4. Por dramático pois que seja o quadro de invalidade e de dúvida que cerca a missa nova, todo o dito acima, e em especial a prudência de homens como Dom Marcel Lefebvre e Dom Antônio de Castro Mayer e como o Cardeal Ottaviani e o Cardeal Bacci – nenhum dos quais nunca afirmou a impossibilidade absoluta de que a missa nova fosse válida –, impede ou deveria impedir a conclusão de que esta seja “inevitavelmente” inválida. Ainda que cada vez mais dificilmente, a missa nova épossivelmente válida, sem que, insista-se, seja nunca per se e simpliciter lícita.
Observação final. Na ciência alcançável pelas luzes da razão, alcança-se a certeza seguindo as regras da demonstração estabelecidas por Aristóteles em seusAnalíticos.
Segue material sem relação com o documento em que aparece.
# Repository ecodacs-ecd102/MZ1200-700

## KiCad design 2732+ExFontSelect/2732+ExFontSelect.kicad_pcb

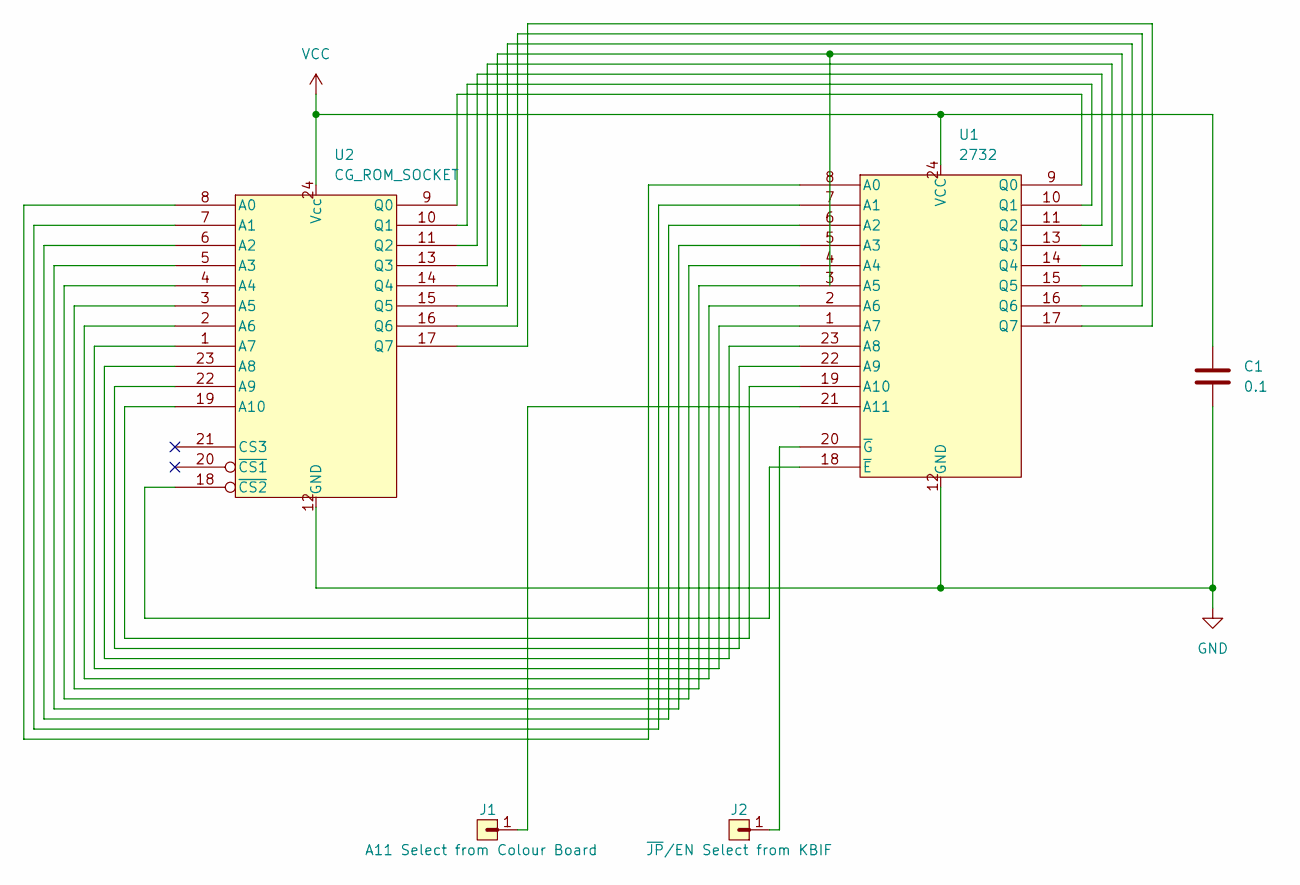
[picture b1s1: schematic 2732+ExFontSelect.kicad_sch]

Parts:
C1: 0.1; LargePad_R_Axial_DIN0204_L3.6mm_D1.6mm_P2.54mm_Vertical
J1: A11 Select from Colour Board; PinHeader_1x01_P2.54mm_Vertical
J2: ~{JP}/EN Select from KBIF; PinHeader_1x01_P2.54mm_Vertical
U1: 2732; DIP-24_W15.24mm_Socket_LongPads
U2: CG_ROM_SOCKET; DIP-24_W15.24mm_Socket_LongPads

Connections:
GND: C1.2, U1.12 (GND), U2.12 (GND)
unnamed: U1.8 (A0), U2.8 (A0)
unnamed: U1.7 (A1), U2.7 (A1)
unnamed: U1.6 (A2), U2.6 (A2)
unnamed: U1.5 (A3), U2.5 (A3)
unnamed: U1.4 (A4), U2.4 (A4)
unnamed: U1.3 (A5), U2.3 (A5)
unnamed: U1.2 (A6), U2.2 (A6)
unnamed: U1.1 (A7), U2.1 (A7)
unnamed: U1.23 (A8), U2.23 (A8)
unnamed: U1.22 (A9), U2.22 (A9)
unnamed: U1.19 (A10), U2.19 (A10)
unnamed: J1.1, U1.21 (A11)
unnamed: U1.9 (Q0), U2.9 (Q0)
unnamed: U1.10 (Q1), U2.10 (Q1)
unnamed: U1.11 (Q2), U2.11 (Q2)
unnamed: U1.13 (Q3), U2.13 (Q3)
unnamed: U1.14 (Q4), U2.14 (Q4)
unnamed: U1.15 (Q5), U2.15 (Q5)
unnamed: U1.16 (Q6), U2.16 (Q6)
unnamed: U1.17 (Q7), U2.17 (Q7)
unnamed: U1.18 (~E), U2.18 (~CS2)
unnamed: J2.1, U1.20 (~G)
VCC: C1.1, U1.24 (VCC), U2.24 (Vcc)

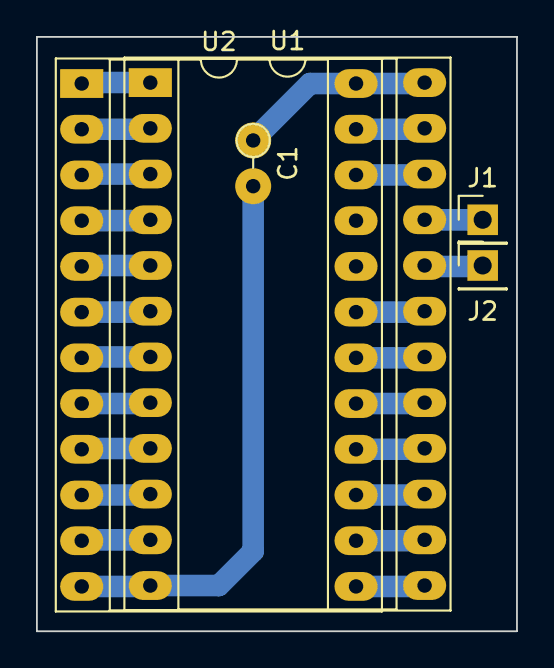
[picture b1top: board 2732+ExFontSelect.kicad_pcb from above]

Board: 2 copper layers, 26.7 x 33.0 mm, 5 parts (0 on the bottom side), 24 nets.

Quanto se trata da Teologia Sagrada, no entanto, ainda que se possa concluir de certo modo segundo as mesmas regras aristotélicas, nunca se alcançará certeza perfeita sem decisão infalível do magistério (ou seja, quando cingida propriamente ou analogamente das chamadas quatro condições vaticanas). Assim, conquanto as ordenações anglicanas tivessem sido nulas ou inválidas desde o início, não se confirmou infalivelmente que fossem tais senão quando o estabeleceu Leão XIII. Por conseguinte, tenhamos por pressuposto que todas as nossas conclusões com respeito à Igreja conciliar e suas mazelas ainda necessitam ser postas ou pelo magistério infalível ou, no juízo final, por Cristo mesmo, aos pés dos quais havemos de depor toda a nossa ciência relativa à fé e aos costumes.        




* Vide também El problema de la reforma litúrgica – La Misa del Vaticano II y de Pablo VI, Argentina, Fraternidad Sacerdotal San Pío X, 2001.